WV Stahl, bu mevcut mekanizmanın sektör özelinde daha etkin kullanılabilmesi için şu adımların atılmasını önerdi:
-
Uzun vadeli üretici sözleşmeleri ile hidrojen üreticilerine planlama ve yatırım güvenliği sağlanırken, çelik şirketlerine kısa vadeli ve esnek alım koşulları sunulmalı. Böylece üretici ve tüketici arasındaki sözleşme uyumsuzluğu aşılabilir.
-
H2Global, kamu fonlarıyla fiyat farklarını dengeleyerek hidrojenin fiyat riskini azaltmalı. Gelecekteki ihalelerde, daha önceki piyasa sonuçlarına dayalı referans fiyat sistemi uygulanarak yatırımcı ve fon sağlayıcılara öngörülebilirlik sunulabilir.
-
Çelik sanayisine özel “teşvik ihaleleri” (Förderlose) hazırlanmalı. Bu teşvikler, ürün özelliklerini (ör. RFNBO uyumlu gaz hidrojen), teslimat yerini (ör. Almanya), hedef alıcı grubunu (ör. çelik şirketleri) ve ödeme teminat koşullarını net şekilde tanımlamalı.
-
H2Global’ın diğer destek mekanizmalarıyla (örneğin iklim koruma sözleşmeleri, yatırım teşvikleri) çakışmadan birlikte çalışabilir hale getirilmesi sağlanmalı.
-
Geçiş döneminde amonyak gibi hidrojen türevleri de teslimat seçeneklerine dahil edilmeli, aynı zamanda küresel tedarik olanakları sürdürülebilirlik kriterleri çerçevesinde açık tutulmalı.

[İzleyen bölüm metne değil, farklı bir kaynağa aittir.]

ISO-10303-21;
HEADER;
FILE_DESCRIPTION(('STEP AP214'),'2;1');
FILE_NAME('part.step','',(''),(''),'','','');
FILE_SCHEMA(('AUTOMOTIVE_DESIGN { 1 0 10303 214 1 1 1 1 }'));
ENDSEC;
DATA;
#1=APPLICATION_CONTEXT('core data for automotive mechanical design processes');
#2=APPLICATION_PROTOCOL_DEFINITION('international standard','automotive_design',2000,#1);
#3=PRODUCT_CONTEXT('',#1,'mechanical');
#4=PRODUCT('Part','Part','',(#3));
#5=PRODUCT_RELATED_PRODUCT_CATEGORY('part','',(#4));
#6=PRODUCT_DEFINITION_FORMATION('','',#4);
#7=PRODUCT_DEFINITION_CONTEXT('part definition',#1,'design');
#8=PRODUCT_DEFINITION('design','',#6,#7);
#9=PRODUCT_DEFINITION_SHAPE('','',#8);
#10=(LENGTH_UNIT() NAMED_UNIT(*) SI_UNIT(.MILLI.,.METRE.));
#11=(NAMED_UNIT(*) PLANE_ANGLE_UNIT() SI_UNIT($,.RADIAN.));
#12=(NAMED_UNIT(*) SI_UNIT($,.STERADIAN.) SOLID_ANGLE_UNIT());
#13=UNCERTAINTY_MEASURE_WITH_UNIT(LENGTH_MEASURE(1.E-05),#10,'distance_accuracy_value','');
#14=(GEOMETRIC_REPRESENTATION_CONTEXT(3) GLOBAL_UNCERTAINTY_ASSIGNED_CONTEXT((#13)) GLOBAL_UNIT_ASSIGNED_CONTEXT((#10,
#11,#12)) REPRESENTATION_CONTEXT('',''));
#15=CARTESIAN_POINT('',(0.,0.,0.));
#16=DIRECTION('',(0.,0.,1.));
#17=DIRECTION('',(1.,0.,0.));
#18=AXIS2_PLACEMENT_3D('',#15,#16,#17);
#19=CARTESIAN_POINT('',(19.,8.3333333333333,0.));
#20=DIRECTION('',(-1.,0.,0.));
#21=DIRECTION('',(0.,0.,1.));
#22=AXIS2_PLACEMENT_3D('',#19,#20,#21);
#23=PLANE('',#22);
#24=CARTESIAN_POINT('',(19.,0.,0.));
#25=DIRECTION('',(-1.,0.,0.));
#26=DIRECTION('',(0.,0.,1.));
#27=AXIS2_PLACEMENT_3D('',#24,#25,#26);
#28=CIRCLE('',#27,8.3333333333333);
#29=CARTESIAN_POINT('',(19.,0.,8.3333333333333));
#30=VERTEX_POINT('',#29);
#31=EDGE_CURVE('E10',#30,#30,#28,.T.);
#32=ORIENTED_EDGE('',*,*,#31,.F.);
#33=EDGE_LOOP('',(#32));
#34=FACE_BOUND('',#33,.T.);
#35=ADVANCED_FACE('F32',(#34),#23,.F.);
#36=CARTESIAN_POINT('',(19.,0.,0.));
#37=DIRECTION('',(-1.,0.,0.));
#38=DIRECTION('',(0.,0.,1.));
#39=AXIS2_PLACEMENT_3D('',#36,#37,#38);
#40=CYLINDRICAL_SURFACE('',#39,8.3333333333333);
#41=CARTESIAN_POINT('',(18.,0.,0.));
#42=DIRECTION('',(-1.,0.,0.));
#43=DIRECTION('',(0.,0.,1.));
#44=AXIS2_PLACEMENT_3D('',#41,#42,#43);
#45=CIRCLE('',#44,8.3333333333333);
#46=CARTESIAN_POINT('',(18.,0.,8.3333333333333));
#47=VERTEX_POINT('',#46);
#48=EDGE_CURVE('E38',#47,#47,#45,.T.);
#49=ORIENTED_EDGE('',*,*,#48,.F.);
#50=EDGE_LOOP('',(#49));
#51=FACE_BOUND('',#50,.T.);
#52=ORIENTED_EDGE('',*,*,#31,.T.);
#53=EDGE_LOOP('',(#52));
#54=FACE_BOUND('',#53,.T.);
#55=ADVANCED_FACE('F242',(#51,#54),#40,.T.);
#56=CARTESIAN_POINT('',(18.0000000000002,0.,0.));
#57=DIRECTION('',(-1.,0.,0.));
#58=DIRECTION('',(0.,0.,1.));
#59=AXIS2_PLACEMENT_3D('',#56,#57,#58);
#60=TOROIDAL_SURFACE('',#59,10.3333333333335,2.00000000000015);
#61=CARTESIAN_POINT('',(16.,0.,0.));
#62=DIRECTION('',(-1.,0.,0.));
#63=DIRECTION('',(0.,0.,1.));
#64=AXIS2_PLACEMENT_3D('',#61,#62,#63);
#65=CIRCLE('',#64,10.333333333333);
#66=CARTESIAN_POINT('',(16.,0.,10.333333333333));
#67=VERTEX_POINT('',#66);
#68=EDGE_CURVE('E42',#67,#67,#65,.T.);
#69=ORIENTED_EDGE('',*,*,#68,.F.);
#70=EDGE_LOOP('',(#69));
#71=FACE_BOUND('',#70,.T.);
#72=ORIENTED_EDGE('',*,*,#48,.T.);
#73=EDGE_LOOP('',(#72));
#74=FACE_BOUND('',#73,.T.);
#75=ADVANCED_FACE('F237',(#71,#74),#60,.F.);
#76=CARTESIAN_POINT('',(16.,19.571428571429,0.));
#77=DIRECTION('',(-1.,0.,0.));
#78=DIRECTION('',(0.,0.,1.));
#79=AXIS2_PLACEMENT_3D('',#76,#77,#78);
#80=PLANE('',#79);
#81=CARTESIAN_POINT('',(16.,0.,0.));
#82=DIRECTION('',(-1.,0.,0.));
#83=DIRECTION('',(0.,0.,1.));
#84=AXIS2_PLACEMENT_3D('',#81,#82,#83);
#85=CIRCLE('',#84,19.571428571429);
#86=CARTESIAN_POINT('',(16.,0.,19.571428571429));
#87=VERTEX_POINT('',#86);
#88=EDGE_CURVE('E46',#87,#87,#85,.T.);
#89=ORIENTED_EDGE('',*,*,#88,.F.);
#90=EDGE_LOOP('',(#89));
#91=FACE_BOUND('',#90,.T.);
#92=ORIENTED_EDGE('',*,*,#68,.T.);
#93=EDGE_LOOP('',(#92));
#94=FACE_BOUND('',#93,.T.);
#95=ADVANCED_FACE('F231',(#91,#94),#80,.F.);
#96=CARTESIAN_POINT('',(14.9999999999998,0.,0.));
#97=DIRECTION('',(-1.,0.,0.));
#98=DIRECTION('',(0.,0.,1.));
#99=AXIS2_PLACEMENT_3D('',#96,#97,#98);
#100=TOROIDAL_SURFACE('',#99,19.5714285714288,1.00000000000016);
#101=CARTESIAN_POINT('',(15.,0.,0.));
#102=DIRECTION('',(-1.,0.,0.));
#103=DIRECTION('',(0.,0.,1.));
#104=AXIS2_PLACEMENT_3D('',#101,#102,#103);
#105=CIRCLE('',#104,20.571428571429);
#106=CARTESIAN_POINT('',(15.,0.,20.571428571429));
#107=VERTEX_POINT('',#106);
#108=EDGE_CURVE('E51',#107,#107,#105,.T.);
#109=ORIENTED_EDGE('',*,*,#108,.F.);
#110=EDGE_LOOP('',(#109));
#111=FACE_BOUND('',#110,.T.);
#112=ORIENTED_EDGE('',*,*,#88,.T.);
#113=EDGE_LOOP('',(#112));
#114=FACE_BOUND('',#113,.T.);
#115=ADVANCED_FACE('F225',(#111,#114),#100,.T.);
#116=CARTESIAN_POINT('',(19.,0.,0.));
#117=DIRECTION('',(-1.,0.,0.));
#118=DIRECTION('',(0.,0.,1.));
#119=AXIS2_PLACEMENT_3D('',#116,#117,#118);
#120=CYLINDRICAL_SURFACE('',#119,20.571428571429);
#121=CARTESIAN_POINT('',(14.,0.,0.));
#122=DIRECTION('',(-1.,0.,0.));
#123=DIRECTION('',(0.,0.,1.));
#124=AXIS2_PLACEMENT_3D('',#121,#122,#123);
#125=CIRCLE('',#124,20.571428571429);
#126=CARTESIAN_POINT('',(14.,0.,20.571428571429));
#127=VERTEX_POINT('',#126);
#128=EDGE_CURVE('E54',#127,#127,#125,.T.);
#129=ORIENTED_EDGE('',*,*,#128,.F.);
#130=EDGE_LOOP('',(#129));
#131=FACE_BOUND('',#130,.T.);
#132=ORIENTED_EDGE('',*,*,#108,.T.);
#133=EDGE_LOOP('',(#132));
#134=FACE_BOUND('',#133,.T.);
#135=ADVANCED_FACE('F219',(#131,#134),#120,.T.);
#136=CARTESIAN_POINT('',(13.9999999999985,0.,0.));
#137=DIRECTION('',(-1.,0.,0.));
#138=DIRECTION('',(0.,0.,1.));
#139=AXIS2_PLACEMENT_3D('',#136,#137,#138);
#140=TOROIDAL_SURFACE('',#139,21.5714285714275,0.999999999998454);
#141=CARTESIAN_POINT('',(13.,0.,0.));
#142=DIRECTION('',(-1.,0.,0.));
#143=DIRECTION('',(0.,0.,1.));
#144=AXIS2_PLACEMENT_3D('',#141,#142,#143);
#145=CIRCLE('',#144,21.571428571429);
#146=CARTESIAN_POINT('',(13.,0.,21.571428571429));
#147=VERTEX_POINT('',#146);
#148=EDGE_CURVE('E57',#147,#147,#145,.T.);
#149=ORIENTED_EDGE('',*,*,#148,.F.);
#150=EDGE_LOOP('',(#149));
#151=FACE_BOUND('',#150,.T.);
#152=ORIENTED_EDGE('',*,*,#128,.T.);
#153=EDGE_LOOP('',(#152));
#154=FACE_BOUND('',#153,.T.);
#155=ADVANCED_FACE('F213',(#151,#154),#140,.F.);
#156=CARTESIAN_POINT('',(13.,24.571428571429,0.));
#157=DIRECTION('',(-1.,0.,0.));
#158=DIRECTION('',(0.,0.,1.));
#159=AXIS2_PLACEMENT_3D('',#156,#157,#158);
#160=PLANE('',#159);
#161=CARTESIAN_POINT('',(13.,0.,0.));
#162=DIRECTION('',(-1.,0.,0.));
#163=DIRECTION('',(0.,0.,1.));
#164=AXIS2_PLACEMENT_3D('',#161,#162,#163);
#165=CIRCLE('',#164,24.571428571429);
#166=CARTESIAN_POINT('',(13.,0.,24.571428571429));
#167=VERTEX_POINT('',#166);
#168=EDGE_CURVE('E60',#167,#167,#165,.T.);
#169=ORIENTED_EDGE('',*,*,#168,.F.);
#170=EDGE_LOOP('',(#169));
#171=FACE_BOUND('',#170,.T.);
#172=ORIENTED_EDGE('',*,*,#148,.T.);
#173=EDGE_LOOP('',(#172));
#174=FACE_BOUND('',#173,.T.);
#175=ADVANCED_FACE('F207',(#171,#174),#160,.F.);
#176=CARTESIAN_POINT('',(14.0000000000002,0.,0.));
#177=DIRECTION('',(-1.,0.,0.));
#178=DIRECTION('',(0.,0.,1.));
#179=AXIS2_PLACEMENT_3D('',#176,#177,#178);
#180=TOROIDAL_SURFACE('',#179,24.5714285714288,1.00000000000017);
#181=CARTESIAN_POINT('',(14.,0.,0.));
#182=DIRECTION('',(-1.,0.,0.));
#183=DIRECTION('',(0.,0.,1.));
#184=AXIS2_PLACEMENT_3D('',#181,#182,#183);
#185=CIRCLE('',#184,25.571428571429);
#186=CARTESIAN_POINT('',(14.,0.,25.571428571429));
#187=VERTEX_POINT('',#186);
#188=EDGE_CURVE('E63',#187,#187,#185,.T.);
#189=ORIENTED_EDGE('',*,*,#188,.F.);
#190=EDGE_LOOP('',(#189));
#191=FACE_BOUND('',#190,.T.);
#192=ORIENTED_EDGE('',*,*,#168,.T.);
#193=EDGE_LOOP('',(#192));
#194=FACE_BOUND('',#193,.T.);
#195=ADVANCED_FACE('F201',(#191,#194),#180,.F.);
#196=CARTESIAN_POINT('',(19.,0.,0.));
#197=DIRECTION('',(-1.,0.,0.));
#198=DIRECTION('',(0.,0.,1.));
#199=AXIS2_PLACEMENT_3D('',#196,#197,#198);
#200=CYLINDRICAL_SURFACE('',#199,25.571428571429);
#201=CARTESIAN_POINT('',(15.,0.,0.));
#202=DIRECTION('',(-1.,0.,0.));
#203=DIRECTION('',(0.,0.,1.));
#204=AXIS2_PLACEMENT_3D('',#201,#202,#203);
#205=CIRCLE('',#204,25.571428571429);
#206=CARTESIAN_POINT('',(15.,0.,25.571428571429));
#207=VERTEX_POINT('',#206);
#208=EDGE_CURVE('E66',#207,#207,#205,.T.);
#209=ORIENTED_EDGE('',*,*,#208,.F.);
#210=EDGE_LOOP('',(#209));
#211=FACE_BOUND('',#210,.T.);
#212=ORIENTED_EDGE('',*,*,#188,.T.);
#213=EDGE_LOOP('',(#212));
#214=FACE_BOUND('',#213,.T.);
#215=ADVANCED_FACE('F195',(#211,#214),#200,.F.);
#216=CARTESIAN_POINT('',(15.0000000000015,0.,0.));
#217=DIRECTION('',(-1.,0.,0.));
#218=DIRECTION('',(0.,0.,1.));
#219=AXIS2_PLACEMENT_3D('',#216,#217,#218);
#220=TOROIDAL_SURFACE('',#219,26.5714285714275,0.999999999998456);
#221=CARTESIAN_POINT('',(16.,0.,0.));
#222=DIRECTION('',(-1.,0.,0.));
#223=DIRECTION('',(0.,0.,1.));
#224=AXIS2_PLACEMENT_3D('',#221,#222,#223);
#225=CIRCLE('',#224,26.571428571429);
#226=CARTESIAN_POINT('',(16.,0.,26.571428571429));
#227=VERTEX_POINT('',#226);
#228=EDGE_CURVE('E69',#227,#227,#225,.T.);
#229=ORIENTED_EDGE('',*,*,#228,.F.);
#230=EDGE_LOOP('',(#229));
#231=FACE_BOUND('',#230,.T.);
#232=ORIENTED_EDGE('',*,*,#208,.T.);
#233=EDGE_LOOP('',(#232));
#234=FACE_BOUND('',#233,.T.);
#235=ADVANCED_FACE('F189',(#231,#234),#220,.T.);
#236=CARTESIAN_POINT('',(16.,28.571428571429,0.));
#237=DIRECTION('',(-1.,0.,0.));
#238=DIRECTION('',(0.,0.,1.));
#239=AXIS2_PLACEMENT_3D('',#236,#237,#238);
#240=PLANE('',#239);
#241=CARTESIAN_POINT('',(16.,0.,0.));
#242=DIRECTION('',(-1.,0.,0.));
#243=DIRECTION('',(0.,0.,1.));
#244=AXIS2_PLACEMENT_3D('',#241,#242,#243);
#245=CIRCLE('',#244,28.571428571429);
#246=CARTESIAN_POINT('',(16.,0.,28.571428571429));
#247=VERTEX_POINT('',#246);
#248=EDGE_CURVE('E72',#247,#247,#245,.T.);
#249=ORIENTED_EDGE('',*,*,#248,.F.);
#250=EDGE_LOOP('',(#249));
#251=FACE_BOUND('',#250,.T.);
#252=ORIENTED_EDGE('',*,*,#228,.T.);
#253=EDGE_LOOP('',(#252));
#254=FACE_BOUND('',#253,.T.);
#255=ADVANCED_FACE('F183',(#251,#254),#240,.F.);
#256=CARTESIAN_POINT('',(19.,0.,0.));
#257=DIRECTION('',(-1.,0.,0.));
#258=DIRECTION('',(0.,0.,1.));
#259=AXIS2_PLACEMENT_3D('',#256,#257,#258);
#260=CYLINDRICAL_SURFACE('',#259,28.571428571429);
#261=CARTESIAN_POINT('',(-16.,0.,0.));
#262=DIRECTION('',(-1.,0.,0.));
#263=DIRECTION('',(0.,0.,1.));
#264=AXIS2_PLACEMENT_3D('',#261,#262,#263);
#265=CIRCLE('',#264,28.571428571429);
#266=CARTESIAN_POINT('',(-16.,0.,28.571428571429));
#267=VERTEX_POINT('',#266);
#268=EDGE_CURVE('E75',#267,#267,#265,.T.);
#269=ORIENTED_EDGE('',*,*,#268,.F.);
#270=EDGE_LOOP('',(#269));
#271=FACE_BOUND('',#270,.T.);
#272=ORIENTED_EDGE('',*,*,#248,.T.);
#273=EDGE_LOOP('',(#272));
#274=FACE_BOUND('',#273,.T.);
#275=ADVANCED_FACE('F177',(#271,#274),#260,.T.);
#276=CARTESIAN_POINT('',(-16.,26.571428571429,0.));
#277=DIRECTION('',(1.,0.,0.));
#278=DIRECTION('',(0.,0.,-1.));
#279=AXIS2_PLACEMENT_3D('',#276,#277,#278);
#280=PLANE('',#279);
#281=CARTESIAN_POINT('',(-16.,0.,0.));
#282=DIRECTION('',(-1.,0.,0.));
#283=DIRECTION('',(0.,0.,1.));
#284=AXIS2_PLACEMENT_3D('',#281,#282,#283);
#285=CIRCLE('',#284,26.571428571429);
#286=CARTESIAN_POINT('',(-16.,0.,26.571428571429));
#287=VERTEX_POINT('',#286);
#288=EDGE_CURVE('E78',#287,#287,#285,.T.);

Pozisyon belgesinin sonunda WV Stahl, Alman hükümetine üç temel politika önerisinde bulundu:
-
H2Global gibi mekanizmalar için kamu fonlarının artırılması ve büyük ölçekli tedarik sözleşmelerinin yapılabilmesi için yasal ve finansal altyapının oluşturulması,
-
Çelik sektörüne özel teşvik ihalelerinin tasarlanarak hayata geçirilmesi,
-
Hidrojen tedarik sözleşmeleri için devlet destekli garantiler sunulması. Bu garantiler, federal hükümetin mevcut büyük kefalet programı kapsamında Aval kredileri, vadeli mal satış sigortaları ya da yurt içi işlemleri kapsayacak şekilde genişletilmiş H2Global gibi araçlar yoluyla sağlanabilir.
WV Stahl, çelik sanayisinin yeşil dönüşümünde hidrojenin vazgeçilmez bir rol oynadığını, ancak bu fırsatın değerlendirilebilmesi için sektör, politika ve finans kurumlarının birlikte hareket ederek yatırım ve fiyat istikrarını sağlayacak bir çerçeve oluşturması gerektiğini vurguladı.